## What this task involves
Up to and including the line that holds "#40=CARTESIAN_POINT('',(-50.5096189432334,36.,1.5));", print the data exactly from its first line; do not print the pictures.

Content starts

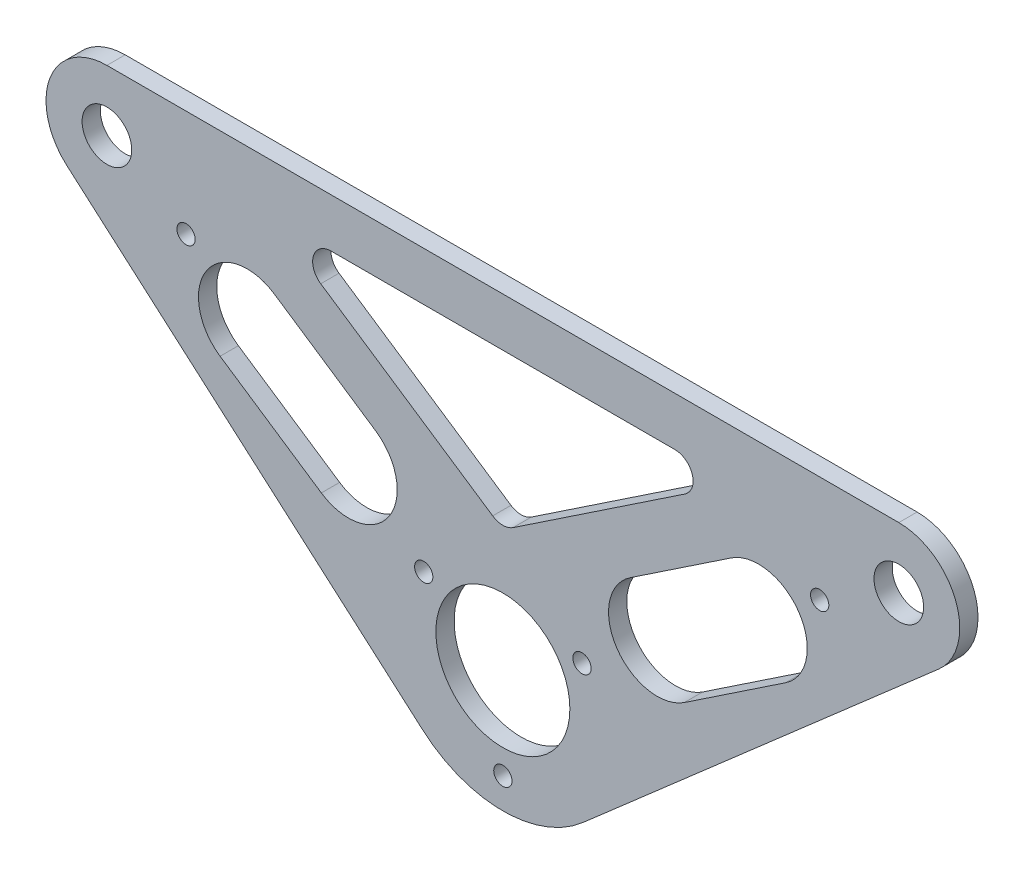
ISO-10303-21;
HEADER;
FILE_DESCRIPTION(('STEP AP214'),'2;1');
FILE_NAME('part.step','',(''),(''),'','','');
FILE_SCHEMA(('AUTOMOTIVE_DESIGN { 1 0 10303 214 1 1 1 1 }'));
ENDSEC;
DATA;
#1=APPLICATION_CONTEXT('core data for automotive mechanical design processes');
#2=APPLICATION_PROTOCOL_DEFINITION('international standard','automotive_design',2000,#1);
#3=PRODUCT_CONTEXT('',#1,'mechanical');
#4=PRODUCT('Part','Part','',(#3));
#5=PRODUCT_RELATED_PRODUCT_CATEGORY('part','',(#4));
#6=PRODUCT_DEFINITION_FORMATION('','',#4);
#7=PRODUCT_DEFINITION_CONTEXT('part definition',#1,'design');
#8=PRODUCT_DEFINITION('design','',#6,#7);
#9=PRODUCT_DEFINITION_SHAPE('','',#8);
#10=(LENGTH_UNIT() NAMED_UNIT(*) SI_UNIT(.MILLI.,.METRE.));
#11=(NAMED_UNIT(*) PLANE_ANGLE_UNIT() SI_UNIT($,.RADIAN.));
#12=(NAMED_UNIT(*) SI_UNIT($,.STERADIAN.) SOLID_ANGLE_UNIT());
#13=UNCERTAINTY_MEASURE_WITH_UNIT(LENGTH_MEASURE(1.E-05),#10,'distance_accuracy_value','');
#14=(GEOMETRIC_REPRESENTATION_CONTEXT(3) GLOBAL_UNCERTAINTY_ASSIGNED_CONTEXT((#13)) GLOBAL_UNIT_ASSIGNED_CONTEXT((#10,
#11,#12)) REPRESENTATION_CONTEXT('',''));
#15=CARTESIAN_POINT('',(0.,0.,0.));
#16=DIRECTION('',(0.,0.,1.));
#17=DIRECTION('',(1.,0.,0.));
#18=AXIS2_PLACEMENT_3D('',#15,#16,#17);
#19=CARTESIAN_POINT('',(65.,43.5,1.5));
#20=DIRECTION('',(0.,0.,-1.));
#21=DIRECTION('',(-1.,0.,0.));
#22=AXIS2_PLACEMENT_3D('',#19,#20,#21);
#23=PLANE('',#22);
#24=CARTESIAN_POINT('',(52.0096189432334,36.,1.5));
#25=DIRECTION('',(0.,0.,-1.));
#26=DIRECTION('',(-1.,0.,0.));
#27=AXIS2_PLACEMENT_3D('',#24,#25,#26);
#28=CIRCLE('',#27,1.49999999999999);
#29=CARTESIAN_POINT('',(50.5096189432334,36.,1.5));
#30=VERTEX_POINT('',#29);
#31=EDGE_CURVE('E722',#30,#30,#28,.T.);
#32=ORIENTED_EDGE('',*,*,#31,.T.);
#33=EDGE_LOOP('',(#32));
#34=FACE_BOUND('',#33,.T.);
#35=CARTESIAN_POINT('',(-52.0096189432334,36.,1.5));
#36=DIRECTION('',(0.,0.,1.));
#37=DIRECTION('',(1.,0.,0.));
#38=AXIS2_PLACEMENT_3D('',#35,#36,#37);
#39=CIRCLE('',#38,1.49999999999999);
#40=CARTESIAN_POINT('',(-50.5096189432334,36.,1.5));
#41=VERTEX_POINT('',#40);
#42=EDGE_CURVE('E704',#41,#41,#39,.T.);
#43=ORIENTED_EDGE('',*,*,#42,.F.);
#44=EDGE_LOOP('',(#43));
#45=FACE_BOUND('',#44,.T.);
#46=CARTESIAN_POINT('',(0.,-15.,1.5));
#47=DIRECTION('',(0.,0.,1.));
#48=DIRECTION('',(1.,0.,0.));
#49=AXIS2_PLACEMENT_3D('',#46,#47,#48);
#50=CIRCLE('',#49,1.5);
#51=CARTESIAN_POINT('',(1.5,-15.,1.5));
#52=VERTEX_POINT('',#51);
#53=EDGE_CURVE('E708',#52,#52,#50,.T.);
#54=ORIENTED_EDGE('',*,*,#53,.F.);
#55=EDGE_LOOP('',(#54));
#56=FACE_BOUND('',#55,.T.);
#57=CARTESIAN_POINT('',(-12.9888810567666,7.50086602540386,1.5));
#58=DIRECTION('',(0.,0.,1.));
#59=DIRECTION('',(1.,0.,0.));
#60=AXIS2_PLACEMENT_3D('',#57,#58,#59);
#61=CIRCLE('',#60,1.5);
#62=CARTESIAN_POINT('',(-11.4888810567666,7.50086602540386,1.5));
#63=VERTEX_POINT('',#62);
#64=EDGE_CURVE('E702',#63,#63,#61,.T.);
#65=ORIENTED_EDGE('',*,*,#64,.F.);
#66=EDGE_LOOP('',(#65));
#67=FACE_BOUND('',#66,.T.);
#68=CARTESIAN_POINT('',(12.9918810567667,7.49913397459611,1.5));
#69=DIRECTION('',(0.,0.,1.));
#70=DIRECTION('',(1.,0.,0.));
#71=AXIS2_PLACEMENT_3D('',#68,#69,#70);
#72=CIRCLE('',#71,1.5);
#73=CARTESIAN_POINT('',(14.4918810567667,7.49913397459611,1.5));
#74=VERTEX_POINT('',#73);
#75=EDGE_CURVE('E698',#74,#74,#72,.T.);
#76=ORIENTED_EDGE('',*,*,#75,.F.);
#77=EDGE_LOOP('',(#76));
#78=FACE_BOUND('',#77,.T.);
#79=CARTESIAN_POINT('',(-41.9688065905346,28.0868167182808,1.5));
#80=DIRECTION('',(0.,0.,1.));
#81=DIRECTION('',(1.,0.,0.));
#82=AXIS2_PLACEMENT_3D('',#79,#80,#81);
#83=CIRCLE('',#82,8.);
#84=CARTESIAN_POINT('',(-37.5194098826881,34.7353405346031,1.5));
#85=VERTEX_POINT('',#84);
#86=CARTESIAN_POINT('',(-46.4182032983811,21.4382929019585,1.5));
#87=VERTEX_POINT('',#86);
#88=EDGE_CURVE('E223',#85,#87,#83,.T.);
#89=ORIENTED_EDGE('',*,*,#88,.F.);
#90=DIRECTION('',(-0.831065477040289,0.556174588480809,0.));
#91=VECTOR('',#90,1.);
#92=CARTESIAN_POINT('',(-37.5194098826881,34.7353405346031,1.5));
#93=LINE('',#92,#91);
#94=CARTESIAN_POINT('',(-20.8981003418823,23.611848764987,1.5));
#95=VERTEX_POINT('',#94);
#96=EDGE_CURVE('E231',#95,#85,#93,.T.);
#97=ORIENTED_EDGE('',*,*,#96,.F.);
#98=CARTESIAN_POINT('',(-25.3474970497288,16.9633249486647,1.5));
#99=DIRECTION('',(0.,0.,1.));
#100=DIRECTION('',(1.,0.,0.));
#101=AXIS2_PLACEMENT_3D('',#98,#99,#100);
#102=CIRCLE('',#101,8.);
#103=CARTESIAN_POINT('',(-29.7968937575753,10.3148011323424,1.5));
#104=VERTEX_POINT('',#103);
#105=EDGE_CURVE('E228',#104,#95,#102,.T.);
#106=ORIENTED_EDGE('',*,*,#105,.F.);
#107=DIRECTION('',(0.831065477040289,-0.556174588480809,0.));
#108=VECTOR('',#107,1.);
#109=CARTESIAN_POINT('',(-46.4182032983811,21.4382929019585,1.5));
#110=LINE('',#109,#108);
#111=EDGE_CURVE('E225',#87,#104,#110,.T.);
#112=ORIENTED_EDGE('',*,*,#111,.F.);
#113=EDGE_LOOP('',(#89,#97,#106,#112));
#114=FACE_BOUND('',#113,.T.);
#115=CARTESIAN_POINT('',(-65.,43.5,1.5));
#116=DIRECTION('',(0.,0.,1.));
#117=DIRECTION('',(1.,0.,0.));
#118=AXIS2_PLACEMENT_3D('',#115,#116,#117);
#119=CIRCLE('',#118,4.075);
#120=CARTESIAN_POINT('',(-60.925,43.5,1.5));
#121=VERTEX_POINT('',#120);
#122=EDGE_CURVE('E277',#121,#121,#119,.T.);
#123=ORIENTED_EDGE('',*,*,#122,.F.);
#124=EDGE_LOOP('',(#123));
#125=FACE_BOUND('',#124,.T.);
#126=CARTESIAN_POINT('',(0.,0.,1.5));
#127=DIRECTION('',(0.,0.,1.));
#128=DIRECTION('',(1.,0.,0.));
#129=AXIS2_PLACEMENT_3D('',#126,#127,#128);
#130=CIRCLE('',#129,11.);
#131=CARTESIAN_POINT('',(11.,0.,1.5));
#132=VERTEX_POINT('',#131);
#133=EDGE_CURVE('E283',#132,#132,#130,.T.);
#134=ORIENTED_EDGE('',*,*,#133,.F.);
#135=EDGE_LOOP('',(#134));
#136=FACE_BOUND('',#135,.T.);
#137=CARTESIAN_POINT('',(65.,43.5,1.5));
#138=DIRECTION('',(0.,0.,1.));
#139=DIRECTION('',(-1.,0.,0.));
#140=AXIS2_PLACEMENT_3D('',#137,#138,#139);
#141=CIRCLE('',#140,10.);
#142=CARTESIAN_POINT('',(71.5786680037926,35.9686570058272,1.5));
#143=VERTEX_POINT('',#142);
#144=CARTESIAN_POINT('',(65.,53.5,1.5));
#145=VERTEX_POINT('',#144);
#146=EDGE_CURVE('E289',#143,#145,#141,.T.);
#147=ORIENTED_EDGE('',*,*,#146,.T.);
#148=DIRECTION('',(-1.,0.,0.));
#149=VECTOR('',#148,1.);
#150=CARTESIAN_POINT('',(-65.,53.5,1.5));
#151=LINE('',#150,#149);
#152=CARTESIAN_POINT('',(-65.,53.5,1.5));
#153=VERTEX_POINT('',#152);
#154=EDGE_CURVE('E292',#145,#153,#151,.T.);
#155=ORIENTED_EDGE('',*,*,#154,.T.);
#156=CARTESIAN_POINT('',(-65.,43.5,1.5));
#157=DIRECTION('',(0.,0.,1.));
#158=DIRECTION('',(1.,0.,0.));
#159=AXIS2_PLACEMENT_3D('',#156,#157,#158);
#160=CIRCLE('',#159,10.);
#161=CARTESIAN_POINT('',(-71.5786680037926,35.9686570058272,1.5));
#162=VERTEX_POINT('',#161);
#163=EDGE_CURVE('E295',#153,#162,#160,.T.);
#164=ORIENTED_EDGE('',*,*,#163,.T.);
#165=DIRECTION('',(0.753134299417281,-0.657866800379257,0.));
#166=VECTOR('',#165,1.);
#167=CARTESIAN_POINT('',(-71.5786680037926,35.9686570058272,1.5));
#168=LINE('',#167,#166);
#169=CARTESIAN_POINT('',(-13.1573360075852,-15.0626859883456,1.5));
#170=VERTEX_POINT('',#169);
#171=EDGE_CURVE('E297',#162,#170,#168,.T.);
#172=ORIENTED_EDGE('',*,*,#171,.T.);
#173=CARTESIAN_POINT('',(0.,0.,1.5));
#174=DIRECTION('',(0.,0.,1.));
#175=DIRECTION('',(1.,0.,0.));
#176=AXIS2_PLACEMENT_3D('',#173,#174,#175);
#177=CIRCLE('',#176,20.);
#178=CARTESIAN_POINT('',(13.1573360075852,-15.0626859883456,1.5));
#179=VERTEX_POINT('',#178);
#180=EDGE_CURVE('E299',#170,#179,#177,.T.);
#181=ORIENTED_EDGE('',*,*,#180,.T.);
#182=DIRECTION('',(0.753134299417281,0.657866800379257,0.));
#183=VECTOR('',#182,1.);
#184=CARTESIAN_POINT('',(71.5786680037926,35.9686570058272,1.5));
#185=LINE('',#184,#183);
#186=EDGE_CURVE('E301',#179,#143,#185,.T.);
#187=ORIENTED_EDGE('',*,*,#186,.T.);
#188=EDGE_LOOP('',(#147,#155,#164,#172,#181,#187));
#189=FACE_BOUND('',#188,.T.);
#190=DIRECTION('',(0.831065477040289,0.556174588480809,0.));
#191=VECTOR('',#190,1.);
#192=CARTESIAN_POINT('',(38.1034482758621,45.5,1.5));
#193=LINE('',#192,#191);
#194=CARTESIAN_POINT('',(1.66852376544242,21.1166274430269,1.5));
#195=VERTEX_POINT('',#194);
#196=CARTESIAN_POINT('',(29.8952237236125,40.0068035688791,1.5));
#197=VERTEX_POINT('',#196);
#198=EDGE_CURVE('E260',#195,#197,#193,.T.);
#199=ORIENTED_EDGE('',*,*,#198,.F.);
#200=CARTESIAN_POINT('',(0.,23.6098238741477,1.5));
#201=DIRECTION('',(0.,0.,-1.));
#202=DIRECTION('',(-1.,0.,0.));
#203=AXIS2_PLACEMENT_3D('',#200,#201,#202);
#204=CIRCLE('',#203,3.);
#205=CARTESIAN_POINT('',(-1.66852376544242,21.1166274430268,1.5));
#206=VERTEX_POINT('',#205);
#207=EDGE_CURVE('E11',#195,#206,#204,.T.);
#208=ORIENTED_EDGE('',*,*,#207,.T.);
#209=DIRECTION('',(0.831065477040289,-0.556174588480809,0.));
#210=VECTOR('',#209,1.);
#211=CARTESIAN_POINT('',(-38.1034482758621,45.5,1.5));
#212=LINE('',#211,#210);
#213=CARTESIAN_POINT('',(-29.8952237236125,40.0068035688791,1.5));
#214=VERTEX_POINT('',#213);
#215=EDGE_CURVE('E266',#214,#206,#212,.T.);
#216=ORIENTED_EDGE('',*,*,#215,.F.);
#217=CARTESIAN_POINT('',(-28.2266999581701,42.5,1.5));
#218=DIRECTION('',(0.,0.,-1.));
#219=DIRECTION('',(-1.,0.,0.));
#220=AXIS2_PLACEMENT_3D('',#217,#218,#219);
#221=CIRCLE('',#220,3.);
#222=CARTESIAN_POINT('',(-28.2266999581701,45.5,1.5));
#223=VERTEX_POINT('',#222);
#224=EDGE_CURVE('E348',#214,#223,#221,.T.);
#225=ORIENTED_EDGE('',*,*,#224,.T.);
#226=DIRECTION('',(-1.,0.,0.));
#227=VECTOR('',#226,1.);
#228=CARTESIAN_POINT('',(-38.1034482758621,45.5,1.5));
#229=LINE('',#228,#227);
#230=CARTESIAN_POINT('',(28.2266999581701,45.5,1.5));
#231=VERTEX_POINT('',#230);
#232=EDGE_CURVE('E262',#231,#223,#229,.T.);
#233=ORIENTED_EDGE('',*,*,#232,.F.);
#234=CARTESIAN_POINT('',(28.2266999581701,42.5,1.5));
#235=DIRECTION('',(0.,0.,-1.));
#236=DIRECTION('',(-1.,0.,0.));
#237=AXIS2_PLACEMENT_3D('',#234,#235,#236);
#238=CIRCLE('',#237,3.);
#239=EDGE_CURVE('E56',#231,#197,#238,.T.);
#240=ORIENTED_EDGE('',*,*,#239,.T.);
#241=EDGE_LOOP('',(#199,#208,#216,#225,#233,#240));
#242=FACE_BOUND('',#241,.T.);
#243=CARTESIAN_POINT('',(65.,43.5,1.5));
#244=DIRECTION('',(0.,0.,1.));
#245=DIRECTION('',(1.,0.,0.));
#246=AXIS2_PLACEMENT_3D('',#243,#244,#245);
#247=CIRCLE('',#246,4.075);
#248=CARTESIAN_POINT('',(69.075,43.5,1.5));
#249=VERTEX_POINT('',#248);
#250=EDGE_CURVE('E254',#249,#249,#247,.T.);
#251=ORIENTED_EDGE('',*,*,#250,.F.);
#252=EDGE_LOOP('',(#251));
#253=FACE_BOUND('',#252,.T.);
#254=CARTESIAN_POINT('',(41.9688065905346,28.0868167182808,1.5));
#255=DIRECTION('',(0.,0.,1.));
#256=DIRECTION('',(-1.,0.,0.));
#257=AXIS2_PLACEMENT_3D('',#254,#255,#256);
#258=CIRCLE('',#257,8.);
#259=CARTESIAN_POINT('',(46.4182032983811,21.4382929019585,1.5));
#260=VERTEX_POINT('',#259);
#261=CARTESIAN_POINT('',(37.5194098826881,34.7353405346031,1.5));
#262=VERTEX_POINT('',#261);
#263=EDGE_CURVE('E180',#260,#262,#258,.T.);
#264=ORIENTED_EDGE('',*,*,#263,.F.);
#265=DIRECTION('',(0.831065477040289,0.556174588480809,0.));
#266=VECTOR('',#265,1.);
#267=CARTESIAN_POINT('',(46.4182032983811,21.4382929019585,1.5));
#268=LINE('',#267,#266);
#269=CARTESIAN_POINT('',(29.7968937575753,10.3148011323423,1.5));
#270=VERTEX_POINT('',#269);
#271=EDGE_CURVE('E205',#270,#260,#268,.T.);
#272=ORIENTED_EDGE('',*,*,#271,.F.);
#273=CARTESIAN_POINT('',(25.3474970497288,16.9633249486647,1.5));
#274=DIRECTION('',(0.,0.,1.));
#275=DIRECTION('',(-1.,0.,0.));
#276=AXIS2_PLACEMENT_3D('',#273,#274,#275);
#277=CIRCLE('',#276,8.);
#278=CARTESIAN_POINT('',(20.8981003418823,23.611848764987,1.5));
#279=VERTEX_POINT('',#278);
#280=EDGE_CURVE('E203',#279,#270,#277,.T.);
#281=ORIENTED_EDGE('',*,*,#280,.F.);
#282=DIRECTION('',(-0.831065477040289,-0.556174588480809,0.));
#283=VECTOR('',#282,1.);
#284=CARTESIAN_POINT('',(37.5194098826881,34.7353405346031,1.5));
#285=LINE('',#284,#283);
#286=EDGE_CURVE('E190',#262,#279,#285,.T.);
#287=ORIENTED_EDGE('',*,*,#286,.F.);
#288=EDGE_LOOP('',(#264,#272,#281,#287));
#289=FACE_BOUND('',#288,.T.);
#290=ADVANCED_FACE('F41',(#34,#45,#56,#67,#78,#114,#125,#136,#189,#242,#253,#289),#23,.F.);
#291=CARTESIAN_POINT('',(65.,43.5,-1.5));
#292=DIRECTION('',(0.,0.,-1.));
#293=DIRECTION('',(-1.,0.,0.));
#294=AXIS2_PLACEMENT_3D('',#291,#292,#293);
#295=PLANE('',#294);
#296=CARTESIAN_POINT('',(52.0096189432334,36.,-1.5));
#297=DIRECTION('',(0.,0.,-1.));
#298=DIRECTION('',(-1.,0.,0.));
#299=AXIS2_PLACEMENT_3D('',#296,#297,#298);
#300=CIRCLE('',#299,1.49999999999999);
#301=CARTESIAN_POINT('',(50.5096189432334,36.,-1.5));
#302=VERTEX_POINT('',#301);
#303=EDGE_CURVE('E719',#302,#302,#300,.T.);
#304=ORIENTED_EDGE('',*,*,#303,.F.);
#305=EDGE_LOOP('',(#304));
#306=FACE_BOUND('',#305,.T.);
#307=CARTESIAN_POINT('',(-52.0096189432334,36.,-1.5));
#308=DIRECTION('',(0.,0.,1.));
#309=DIRECTION('',(1.,0.,0.));
#310=AXIS2_PLACEMENT_3D('',#307,#308,#309);
#311=CIRCLE('',#310,1.49999999999999);
#312=CARTESIAN_POINT('',(-50.5096189432334,36.,-1.5));
#313=VERTEX_POINT('',#312);
#314=EDGE_CURVE('E716',#313,#313,#311,.T.);
#315=ORIENTED_EDGE('',*,*,#314,.T.);
#316=EDGE_LOOP('',(#315));
#317=FACE_BOUND('',#316,.T.);
#318=CARTESIAN_POINT('',(0.,-15.,-1.5));
#319=DIRECTION('',(0.,0.,1.));
#320=DIRECTION('',(1.,0.,0.));
#321=AXIS2_PLACEMENT_3D('',#318,#319,#320);
#322=CIRCLE('',#321,1.5);
#323=CARTESIAN_POINT('',(1.5,-15.,-1.5));
#324=VERTEX_POINT('',#323);
#325=EDGE_CURVE('E212',#324,#324,#322,.T.);
#326=ORIENTED_EDGE('',*,*,#325,.T.);
#327=EDGE_LOOP('',(#326));
#328=FACE_BOUND('',#327,.T.);
#329=CARTESIAN_POINT('',(-12.9888810567666,7.50086602540386,-1.5));
#330=DIRECTION('',(0.,0.,1.));
#331=DIRECTION('',(1.,0.,0.));
#332=AXIS2_PLACEMENT_3D('',#329,#330,#331);
#333=CIRCLE('',#332,1.5);
#334=CARTESIAN_POINT('',(-11.4888810567666,7.50086602540386,-1.5));
#335=VERTEX_POINT('',#334);
#336=EDGE_CURVE('E700',#335,#335,#333,.T.);
#337=ORIENTED_EDGE('',*,*,#336,.T.);
#338=EDGE_LOOP('',(#337));
#339=FACE_BOUND('',#338,.T.);
#340=CARTESIAN_POINT('',(12.9918810567667,7.49913397459611,-1.5));
#341=DIRECTION('',(0.,0.,1.));
#342=DIRECTION('',(1.,0.,0.));
#343=AXIS2_PLACEMENT_3D('',#340,#341,#342);
#344=CIRCLE('',#343,1.5);
#345=CARTESIAN_POINT('',(14.4918810567667,7.49913397459611,-1.5));
#346=VERTEX_POINT('',#345);
#347=EDGE_CURVE('E695',#346,#346,#344,.T.);
#348=ORIENTED_EDGE('',*,*,#347,.T.);
#349=EDGE_LOOP('',(#348));
#350=FACE_BOUND('',#349,.T.);
#351=DIRECTION('',(-1.,0.,0.));
#352=VECTOR('',#351,1.);
#353=CARTESIAN_POINT('',(-38.1034482758621,45.5,-1.5));
#354=LINE('',#353,#352);
#355=CARTESIAN_POINT('',(28.2266999581701,45.5,-1.5));
#356=VERTEX_POINT('',#355);
#357=CARTESIAN_POINT('',(-28.2266999581701,45.5,-1.5));
#358=VERTEX_POINT('',#357);
#359=EDGE_CURVE('E272',#356,#358,#354,.T.);
#360=ORIENTED_EDGE('',*,*,#359,.T.);
#361=CARTESIAN_POINT('',(-28.2266999581701,42.5,-1.5));
#362=DIRECTION('',(0.,0.,-1.));
#363=DIRECTION('',(-1.,0.,0.));
#364=AXIS2_PLACEMENT_3D('',#361,#362,#363);
#365=CIRCLE('',#364,3.);
#366=CARTESIAN_POINT('',(-29.8952237236125,40.0068035688791,-1.5));
#367=VERTEX_POINT('',#366);
#368=EDGE_CURVE('E346',#358,#367,#365,.F.);
#369=ORIENTED_EDGE('',*,*,#368,.T.);
#370=DIRECTION('',(0.831065477040289,-0.556174588480809,0.));
#371=VECTOR('',#370,1.);
#372=CARTESIAN_POINT('',(-38.1034482758621,45.5,-1.5));
#373=LINE('',#372,#371);
#374=CARTESIAN_POINT('',(-1.66852376544242,21.1166274430268,-1.5));
#375=VERTEX_POINT('',#374);
#376=EDGE_CURVE('E263',#367,#375,#373,.T.);
#377=ORIENTED_EDGE('',*,*,#376,.T.);
#378=CARTESIAN_POINT('',(0.,23.6098238741477,-1.5));
#379=DIRECTION('',(0.,0.,-1.));
#380=DIRECTION('',(-1.,0.,0.));
#381=AXIS2_PLACEMENT_3D('',#378,#379,#380);
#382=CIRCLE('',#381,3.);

Content ends

## Exercise output
ISO-10303-21;
HEADER;
FILE_DESCRIPTION(('STEP AP214'),'2;1');
FILE_NAME('part.step','',(''),(''),'','','');
FILE_SCHEMA(('AUTOMOTIVE_DESIGN { 1 0 10303 214 1 1 1 1 }'));
ENDSEC;
DATA;
#1=APPLICATION_CONTEXT('core data for automotive mechanical design processes');
#2=APPLICATION_PROTOCOL_DEFINITION('international standard','automotive_design',2000,#1);
#3=PRODUCT_CONTEXT('',#1,'mechanical');
#4=PRODUCT('Part','Part','',(#3));
#5=PRODUCT_RELATED_PRODUCT_CATEGORY('part','',(#4));
#6=PRODUCT_DEFINITION_FORMATION('','',#4);
#7=PRODUCT_DEFINITION_CONTEXT('part definition',#1,'design');
#8=PRODUCT_DEFINITION('design','',#6,#7);
#9=PRODUCT_DEFINITION_SHAPE('','',#8);
#10=(LENGTH_UNIT() NAMED_UNIT(*) SI_UNIT(.MILLI.,.METRE.));
#11=(NAMED_UNIT(*) PLANE_ANGLE_UNIT() SI_UNIT($,.RADIAN.));
#12=(NAMED_UNIT(*) SI_UNIT($,.STERADIAN.) SOLID_ANGLE_UNIT());
#13=UNCERTAINTY_MEASURE_WITH_UNIT(LENGTH_MEASURE(1.E-05),#10,'distance_accuracy_value','');
#14=(GEOMETRIC_REPRESENTATION_CONTEXT(3) GLOBAL_UNCERTAINTY_ASSIGNED_CONTEXT((#13)) GLOBAL_UNIT_ASSIGNED_CONTEXT((#10,
#11,#12)) REPRESENTATION_CONTEXT('',''));
#15=CARTESIAN_POINT('',(0.,0.,0.));
#16=DIRECTION('',(0.,0.,1.));
#17=DIRECTION('',(1.,0.,0.));
#18=AXIS2_PLACEMENT_3D('',#15,#16,#17);
#19=CARTESIAN_POINT('',(65.,43.5,1.5));
#20=DIRECTION('',(0.,0.,-1.));
#21=DIRECTION('',(-1.,0.,0.));
#22=AXIS2_PLACEMENT_3D('',#19,#20,#21);
#23=PLANE('',#22);
#24=CARTESIAN_POINT('',(52.0096189432334,36.,1.5));
#25=DIRECTION('',(0.,0.,-1.));
#26=DIRECTION('',(-1.,0.,0.));
#27=AXIS2_PLACEMENT_3D('',#24,#25,#26);
#28=CIRCLE('',#27,1.49999999999999);
#29=CARTESIAN_POINT('',(50.5096189432334,36.,1.5));
#30=VERTEX_POINT('',#29);
#31=EDGE_CURVE('E722',#30,#30,#28,.T.);
#32=ORIENTED_EDGE('',*,*,#31,.T.);
#33=EDGE_LOOP('',(#32));
#34=FACE_BOUND('',#33,.T.);
#35=CARTESIAN_POINT('',(-52.0096189432334,36.,1.5));
#36=DIRECTION('',(0.,0.,1.));
#37=DIRECTION('',(1.,0.,0.));
#38=AXIS2_PLACEMENT_3D('',#35,#36,#37);
#39=CIRCLE('',#38,1.49999999999999);
#40=CARTESIAN_POINT('',(-50.5096189432334,36.,1.5));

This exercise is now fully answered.